# Retic and Southern Froglets



## Tuckinrim8 (Jul 26, 2007)

I was snapping some updated pics for a potential trade and figured I would post them here as well..

Retics




























Southern Variabilis


----------



## stemcellular (Jun 26, 2008)

Very nice!


----------



## Azurel (Aug 5, 2010)

Great looking frogs.....


----------



## Zoomie (Jul 3, 2011)

Stunning! 

Those Southerns keep whispering sweet nothings to me. I keep covering my ears yelling, "La La La, I can't hear you, I can't hear you" but it's not really helping.


----------



## Tricolor (Jun 12, 2009)

Sweet, I want both


----------



## Lukeomelas (Mar 15, 2005)

Great looking frogs. Those retics look like they swallowed a couple of tiny footballs! I'd love to see pics of what you are getting in return for all of those stunners?


----------



## EPI (Dec 22, 2009)

Very good looking....


----------



## hypostatic (Apr 25, 2011)

beautiful frogs =]


----------



## Almog (Sep 27, 2010)

Those Southerns are amazing, my all-time favorite frog.

Retics looking good too


----------



## Tuckinrim8 (Jul 26, 2007)

Thanks everyone! I am pretty excited to finally have my Retics producing well for me.. it only took a few years!



Lukeomelas said:


> Great looking frogs. Those retics look like they swallowed a couple of tiny footballs! I'd love to see pics of what you are getting in return for all of those stunners?
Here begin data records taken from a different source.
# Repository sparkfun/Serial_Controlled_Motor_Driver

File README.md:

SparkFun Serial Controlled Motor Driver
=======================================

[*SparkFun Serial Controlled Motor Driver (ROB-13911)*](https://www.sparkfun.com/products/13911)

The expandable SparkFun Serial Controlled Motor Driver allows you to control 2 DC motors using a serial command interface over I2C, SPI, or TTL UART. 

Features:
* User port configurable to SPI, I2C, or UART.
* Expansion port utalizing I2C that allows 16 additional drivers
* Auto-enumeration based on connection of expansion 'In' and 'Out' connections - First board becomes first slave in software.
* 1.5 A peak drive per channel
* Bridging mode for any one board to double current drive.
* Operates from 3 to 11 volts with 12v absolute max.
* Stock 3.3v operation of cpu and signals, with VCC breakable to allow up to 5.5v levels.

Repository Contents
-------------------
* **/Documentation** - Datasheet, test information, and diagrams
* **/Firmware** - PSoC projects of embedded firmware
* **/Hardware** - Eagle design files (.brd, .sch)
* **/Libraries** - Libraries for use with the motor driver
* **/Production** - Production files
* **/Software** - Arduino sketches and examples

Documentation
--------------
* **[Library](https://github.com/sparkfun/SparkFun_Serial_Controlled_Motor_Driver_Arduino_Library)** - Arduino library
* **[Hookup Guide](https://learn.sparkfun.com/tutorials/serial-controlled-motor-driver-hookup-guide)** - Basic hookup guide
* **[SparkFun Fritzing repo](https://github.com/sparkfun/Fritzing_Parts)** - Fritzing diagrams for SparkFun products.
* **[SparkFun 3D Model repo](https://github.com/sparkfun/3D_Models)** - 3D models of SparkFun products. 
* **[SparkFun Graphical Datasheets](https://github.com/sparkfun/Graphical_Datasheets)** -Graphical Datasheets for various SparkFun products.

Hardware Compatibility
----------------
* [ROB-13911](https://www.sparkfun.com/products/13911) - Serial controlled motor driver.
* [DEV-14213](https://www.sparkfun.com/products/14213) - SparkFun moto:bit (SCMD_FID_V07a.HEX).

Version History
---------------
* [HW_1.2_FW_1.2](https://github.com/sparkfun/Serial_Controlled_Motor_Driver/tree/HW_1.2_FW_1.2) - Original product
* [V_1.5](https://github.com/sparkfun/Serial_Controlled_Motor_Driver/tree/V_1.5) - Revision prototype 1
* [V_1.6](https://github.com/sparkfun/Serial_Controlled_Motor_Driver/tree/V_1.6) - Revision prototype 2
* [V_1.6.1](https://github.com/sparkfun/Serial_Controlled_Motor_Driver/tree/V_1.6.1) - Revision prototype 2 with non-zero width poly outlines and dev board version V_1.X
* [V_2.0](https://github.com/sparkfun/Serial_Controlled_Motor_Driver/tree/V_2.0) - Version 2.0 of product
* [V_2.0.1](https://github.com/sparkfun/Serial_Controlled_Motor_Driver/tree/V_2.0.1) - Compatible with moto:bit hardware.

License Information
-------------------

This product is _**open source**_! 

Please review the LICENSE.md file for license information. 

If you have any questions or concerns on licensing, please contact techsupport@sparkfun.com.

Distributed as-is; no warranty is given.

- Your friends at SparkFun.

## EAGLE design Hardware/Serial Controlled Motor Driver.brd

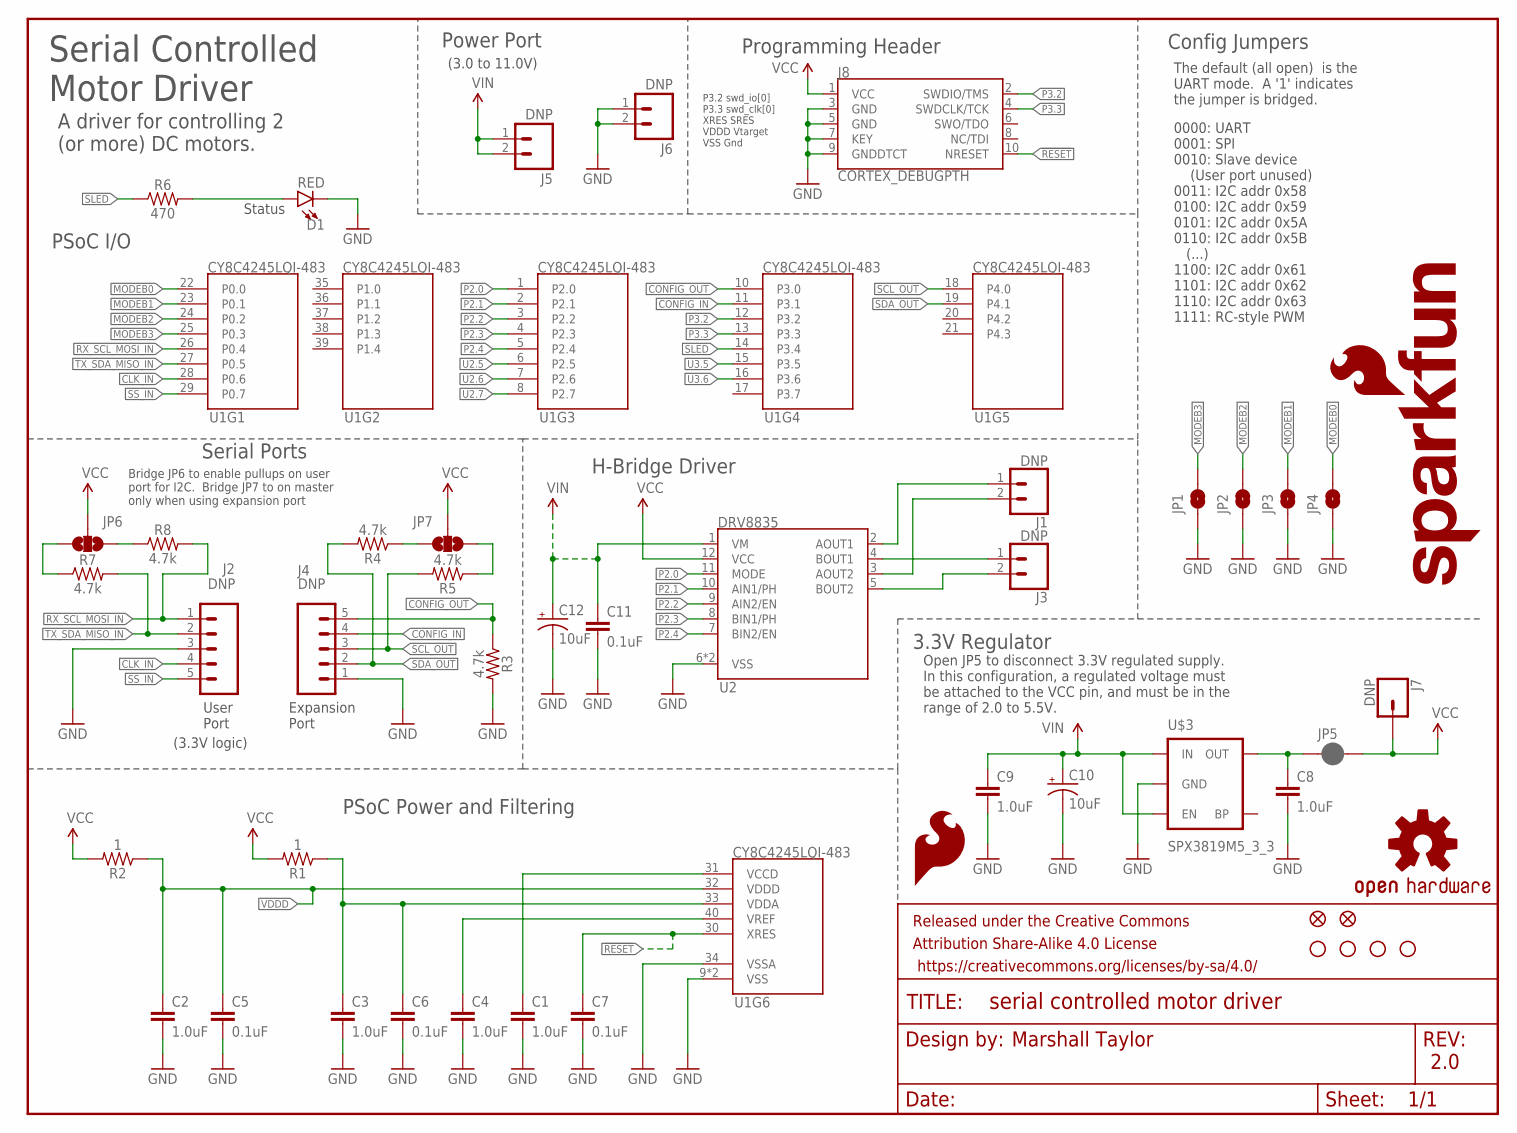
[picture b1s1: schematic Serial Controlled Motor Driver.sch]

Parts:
C1, C2, C3, C4, C8, C9: 1.0uF; 0402
C5, C6, C7, C11: 0.1uF; 0402
C10, C12: 10uF; EIA3216
D1: RED; LED-0603
FD1, FD2: FIDUCIALUFIDUCIAL; MICRO-FIDUCIAL
FRAME1: FRAME-LETTER; CREATIVE_COMMONS
H1, H2, H3, H4: STAND-OFF
J1, J3: DNP; 1X02_NO_SILK
J2, J4: DNP; 1X05
J5, J6: DNP; 1X02@1
J7: DNP; 1X01
J8: CORTEX_DEBUGPTH; 2X5-PTH-1.27MM
JP1, JP2, JP3, JP4: JUMPER-PAD-2; PAD-JUMPER-2-NO_YES_SILK
JP5: JUMPER-PAD-2; PAD-JUMPER-2-NC_BY_PASTE_YES_SILK
JP6, JP7: JUMPER-PAD-3-NOYES_SILK; PAD-JUMPER-3-NO_YES_SILK
LOGO1: SFE_LOGO_FLAME.1_INCH; SFE_LOGO_FLAME_.1
LOGO2: OSHW-LOGOMINI; OSHW-LOGO-MINI
LOGO3: SFE_LOGO_NAME_FLAME.1_INCH; SFE_LOGO_NAME_FLAME_.1
R1, R2: 1; 0603
R3, R4, R5, R7, R8: 4.7k; 0603
R6: 470; 0603
U1: CY8C4245LQI-483; QFN-40
U2: DRV8835; WSON-12
U$3: SPX3819M5_3_3; SOT-23-5-VREG

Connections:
!RESET: C7.1, J8.10 (NRESET), U1.30 (XRES)
AOUT1: J1.1, U2.2 (AOUT1)
AOUT2: J1.2, U2.3 (AOUT2)
BOUT1: J3.1, U2.4 (BOUT1)
BOUT2: J3.2, U2.5 (BOUT2)
CLK_IN: J2.4, U1.28 (P0.6)
CONFIG_IN: J4.4, U1.11 (P3.1)
CONFIG_OUT: J4.5, R3.1, U1.10 (P3.0)
GND: C1.2, C2.2, C3.2, C4.2, C5.2, C6.2, C7.2, C8.2, C9.2, C10.-, C11.2, C12.-, D1.C, J2.3, J4.1, J6.1, J6.2, J8.3 (GND), J8.5 (GND), J8.7 (KEY), J8.9 (GNDDTCT), JP1.1, JP2.1, JP3.1, JP4.1, R3.2, U1.9 (VSS), U1.34 (VSSA), U1.EP (VSS), U2.6 (VSS), U2.PAD (VSS), U$3.2 (GND)
MODEB0: JP4.2, U1.22 (P0.0)
MODEB1: JP3.2, U1.23 (P0.1)
MODEB2: JP2.2, U1.24 (P0.2)
MODEB3: JP1.2, U1.25 (P0.3)
unnamed: C1.1, U1.31 (VCCD)
unnamed: JP7.1, R4.1
unnamed: C3.1, C6.1, R1.1, U1.33 (VDDA)
unnamed: C4.1, U1.40 (VREF)
unnamed: C8.1, JP5.1, U$3.5 (OUT)
unnamed: JP7.3, R5.1
unnamed: D1.A, R6.2
unnamed: JP6.1, R8.1
unnamed: JP6.3, R7.1
P2.0: U1.1 (P2.0), U2.11 (MODE)
P2.1: U1.2 (P2.1), U2.10 (AIN1/PH)
P2.2: U1.3 (P2.2), U2.9 (AIN2/EN)
P2.3: U1.4 (P2.3), U2.8 (BIN1/PH)
P2.4: U1.5 (P2.4), U2.7 (BIN2/EN)
P3.2: J8.2 (SWDIO/TMS), U1.12 (P3.2)
P3.3: J8.4 (SWDCLK/TCK), U1.13 (P3.3)
RX_SCL_MOSI_IN: J2.1, R8.2, U1.26 (P0.4)
SCL_OUT: J4.3, R5.2, U1.18 (P4.0)
SDA_OUT: J4.2, R4.2, U1.19 (P4.1)
SLED: R6.1, U1.14 (P3.4)
SS_IN: J2.5, U1.29 (P0.7)
TX_SDA_MISO_IN: J2.2, R7.2, U1.27 (P0.5)
U2.5: U1.6 (P2.5)
U2.6: U1.7 (P2.6)
U2.7: U1.8 (P2.7)
U3.5: U1.15 (P3.5)
U3.6: U1.16 (P3.6)
VCC: J7.1, J8.1 (VCC), JP5.2, JP6.2, JP7.2, R1.2, R2.2, U2.12 (VCC)
VDDD: C2.1, C5.1, R2.1, U1.32 (VDDD)
VIN: C9.1, C10.+, C11.1, C12.+, J5.1, J5.2, U2.1 (VM), U$3.1 (IN), U$3.3 (EN)

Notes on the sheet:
PSoC Power and Filtering
Serial Controlled Motor Driver
Config Jumpers
Marshall Taylor
PSoC I/O
3.3V Regulator
2.0
P3.2 swd_io[0] P3.3 swd_clk[0] XRES SRES VDDD Vtarget VSS Gnd
Serial Ports
Power Port
Programming Header
H-Bridge Driver
A driver for controlling 2 (or more) DC motors.
0000: UART 0001: SPI 0010: Slave device (User port unused) 0011: I2C addr 0x58 0100: I2C addr 0x59 0101: I2C addr 0x5A 0110: I2C addr 0x5B (...) 1100: I2C addr 0x61 1101: I2C addr 0x62 1110: I2C addr 0x63 1111: RC-style PWM
The default (all open) is the UART mode. A '1' indicates the jumper is bridged.
Status
(3.0 to 11.0V)
Expansion Port
User Port
Open JP5 to disconnect 3.3V regulated supply. In this configuration, a regulated voltage must be attached to the VCC pin, and must be in the range of 2.0 to 5.5V.
Bridge JP6 to enable pullups on user port for I2C. Bridge JP7 to on master only when using expansion port
(3.3V logic)

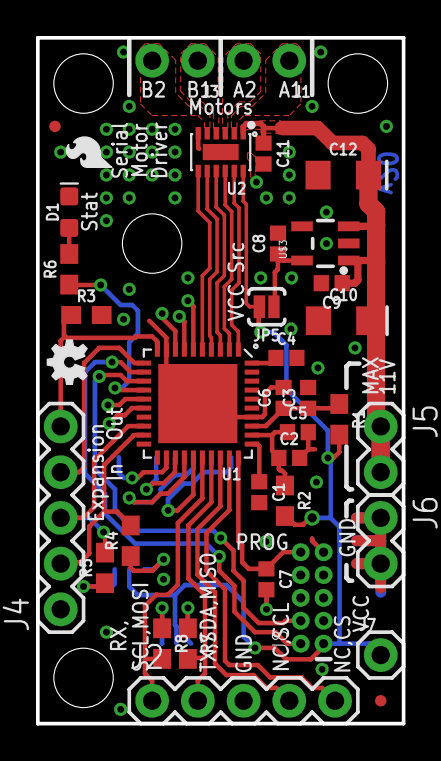
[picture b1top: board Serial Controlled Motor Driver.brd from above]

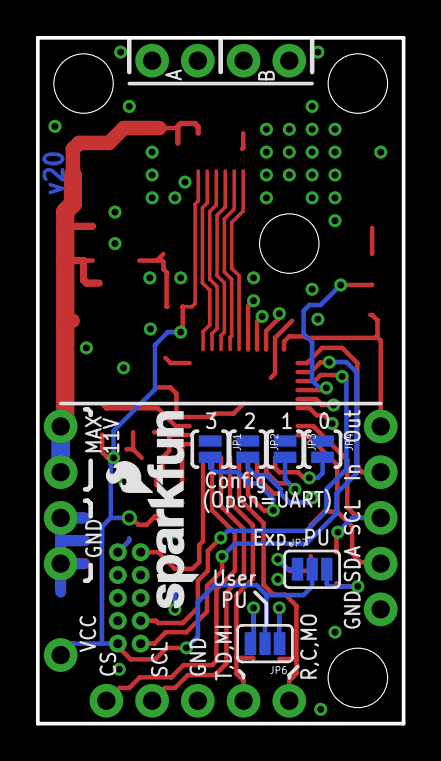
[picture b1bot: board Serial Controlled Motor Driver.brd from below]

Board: 2 copper layers, 20.3 x 38.1 mm, 49 parts (7 on the bottom side), 38 nets.

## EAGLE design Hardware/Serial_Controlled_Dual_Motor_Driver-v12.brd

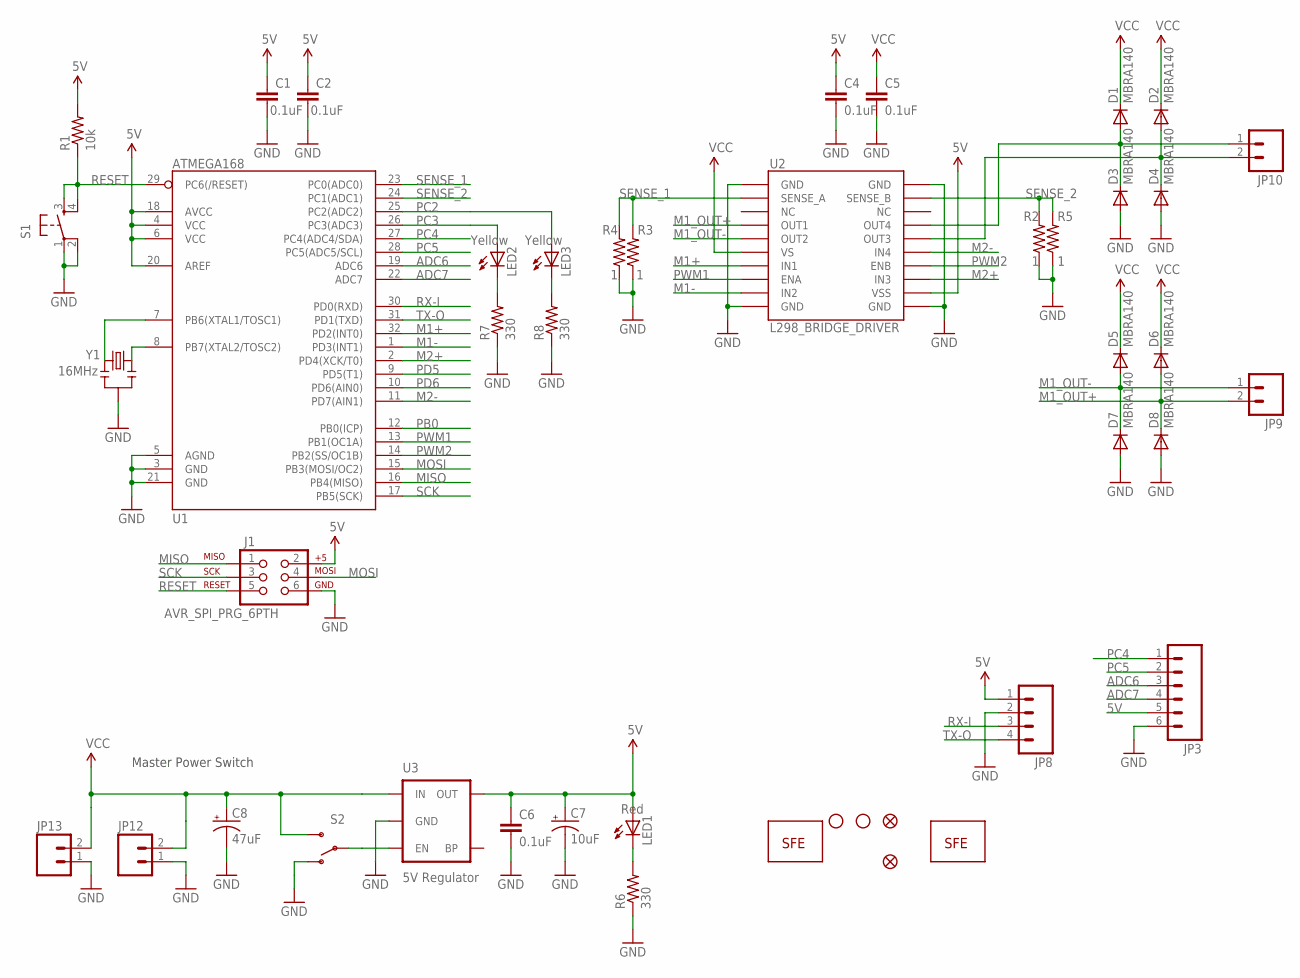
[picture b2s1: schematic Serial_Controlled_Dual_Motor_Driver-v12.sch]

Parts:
C1, C2, C4, C5, C6: 0.1uF; 0603-CAP
C7: 10uF; EIA3216
C8: 47uF; EIA3528
D1, D2, D3, D4, D5, D6, D7, D8: MBRA140; SMA-DIODE
J1: AVR_SPI_PRG_6PTH; 2X3
JP1: LOGO-SFENEW; SFE-NEW-WEBLOGO
JP2, JP6: STAND-OFF
JP3: M06SIP; 1X06
JP4, JP5: FIDUCIAL1X2; FIDUCIAL-1X2
JP7: LOGO-SFESK; SFE-LOGO-FLAME
JP8: M04PTH; 1X04
JP9, JP10, JP13: M02PTH; 1X02
JP12: M02-JST-2MM-SMT; S2B-PH
LED1: Red; LED-0603
LED2, LED3: Yellow; LED-0603
R1: 10k; 0603-RES
R2, R3, R4, R5: 1; 0603-RES
R6, R7, R8: 330; 0603-RES
S1: TAC_SWITCHSMD; TACTILE_SWITCH_SMD
S2: SWITCH-SPSTSMD; AYZ0202
U1: ATMEGA168; TQFP32-08
U2: L298_BRIDGE_DRIVER; POWERSO20
U3: 5V Regulator; SOT23-5
Y1: 16MHz; RESONATOR-SMD

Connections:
5V: C1.1, C2.1, C4.1, C6.1, C7.A (+), J1.2, JP3.5, JP8.1, LED1.A, R1.2, U1.4 (VCC), U1.6 (VCC), U1.18 (AVCC), U1.20 (AREF), U2.P$12 (VSS), U3.5 (OUT)
ADC6: JP3.3, U1.19 (ADC6)
ADC7: JP3.4, U1.22 (ADC7)
GND: C1.2, C2.2, C4.2, C5.2, C6.2, C7.C (-), C8.C (-), D3.A, D4.A, D7.A, D8.A, J1.6, JP3.6, JP8.2, JP12.1, JP13.1, R2.1, R3.1, R4.1, R5.1, R6.1, R7.1, R8.1, S1.1, S1.2, S2.1 (O), U1.3 (GND), U1.5 (AGND), U1.21 (GND), U2.P$1 (GND), U2.P$10 (GND), U2.P$11 (GND), U2.P$20 (GND), U3.2 (GND), Y1.2
M1+: U1.32 (PD2(INT0)), U2.P$7 (IN1)
M1-: U1.1 (PD3(INT1)), U2.P$9 (IN2)
M1_OUT+: D6.A, D8.C, JP9.2, U2.P$4 (OUT1)
M1_OUT-: D5.A, D7.C, JP9.1, U2.P$5 (OUT2)
M2+: U1.2 (PD4(XCK/T0)), U2.P$13 (IN3)
M2-: U1.11 (PD7(AIN1)), U2.P$15 (IN4)
M2_OUT+: D2.A, D4.C, JP10.2, U2.P$16 (OUT3)
M2_OUT-: D1.A, D3.C, JP10.1, U2.P$17 (OUT4)
MISO: J1.1, U1.16 (PB4(MISO))
MOSI: J1.4, U1.15 (PB3(MOSI/OC2))
unnamed: S2.2, U3.3 (EN)
unnamed: U1.8 (PB7(XTAL2/TOSC2)), Y1.3
unnamed: U1.7 (PB6(XTAL1/TOSC1)), Y1.1
unnamed: LED2.C, R7.2
unnamed: LED3.C, R8.2
unnamed: LED1.C, R6.2
PB0: U1.12 (PB0(ICP))
PC2: LED3.A, U1.25 (PC2(ADC2))
PC3: LED2.A, U1.26 (PC3(ADC3))
PC4: JP3.1, U1.27 (PC4(ADC4/SDA))
PC5: JP3.2, U1.28 (PC5(ADC5/SCL))
PD5: U1.9 (PD5(T1))
PD6: U1.10 (PD6(AIN0))
PWM1: U1.13 (PB1(OC1A)), U2.P$8 (ENA)
PWM2: U1.14 (PB2(SS/OC1B)), U2.P$14 (ENB)
RESET: J1.5, R1.1, S1.3, S1.4, U1.29 (PC6(/RESET))
RX-I: JP8.3, U1.30 (PD0(RXD))
SCK: J1.3, U1.17 (PB5(SCK))
SENSE_1: R3.2, R4.2, U1.23 (PC0(ADC0)), U2.P$2 (SENSE_A)
SENSE_2: R2.2, R5.2, U1.24 (PC1(ADC1)), U2.P$19 (SENSE_B)
TX-O: JP8.4, U1.31 (PD1(TXD))
VCC: C5.1, C8.A (+), D1.C, D2.C, D5.C, D6.C, JP12.2, JP13.2, S2.3 (S), U2.P$6 (VS), U3.1 (IN)

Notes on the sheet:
Master Power Switch

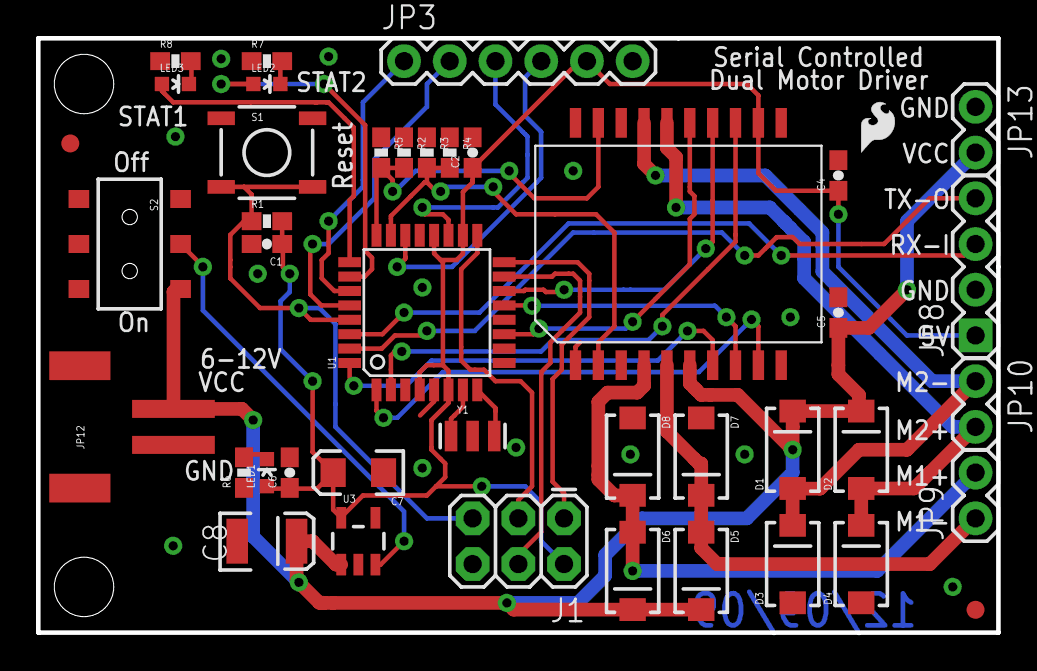
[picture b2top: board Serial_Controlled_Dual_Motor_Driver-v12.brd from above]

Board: 2 copper layers, 53.3 x 33.0 mm, 45 parts (1 on the bottom side), 33 nets.

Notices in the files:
parts and their libraries:
SparkFun-Capacitors: Licensing: Creative Commons ShareAlike 4.0 International - https://creativecommons.org/licenses/by-sa/4.0
SparkFun-Aesthetics: Released under the Creative Commons Attribution Share-Alike 4.0 License
SparkFun-Aesthetics: https://creativecommons.org/licenses/by-sa/4.0

Not sure yet.. we shall see  Ill keep you posted..



Almog said:


> Those Southerns are amazing, my all-time favorite frog.
> 
> Retics looking good too


The Southerns are one of my favorites as well.. They are "hands down" the boldest thumb I keep.


----------



## SmackoftheGods (Jan 28, 2009)

Tuckinrim8 said:


> The Southerns are one of my favorites as well.. They are "hands down" the boldest thumb I keep.


Southern variabilis are the boldest thumbs you keep? You should get yourself some benedicta.... Wait....


----------



## Julio (Oct 8, 2007)

are your retics dotted or striped? got any pics of the parents?


----------



## Ulisesfrb (Dec 8, 2008)

Julio said:


> are your retics dotted or striped? got any pics of the parents?


And a full tank shot perhaps??


----------



## Julio (Oct 8, 2007)

Ulisesfrb said:


> And a full tank shot perhaps??


def how could i forget


----------



## Tuckinrim8 (Jul 26, 2007)

SmackoftheGods said:


> Southern variabilis are the boldest thumbs you keep? You should get yourself some benedicta.... Wait....


Ya, they don't move when im in their tank and know where to wait to get fed. Hows your group doing? When we gonna trade some youngsters? 
Jake you didnt know that Viv in the front room was just for plants.. :/ The occasional flash of neon red is just a figment of your imagination. You say benedicta... I say ghost frog.. check back when courting begins (fingers crossed) and hopefully I can catch them on camera..



Julio said:


> are your retics dotted or striped? got any pics of the parents?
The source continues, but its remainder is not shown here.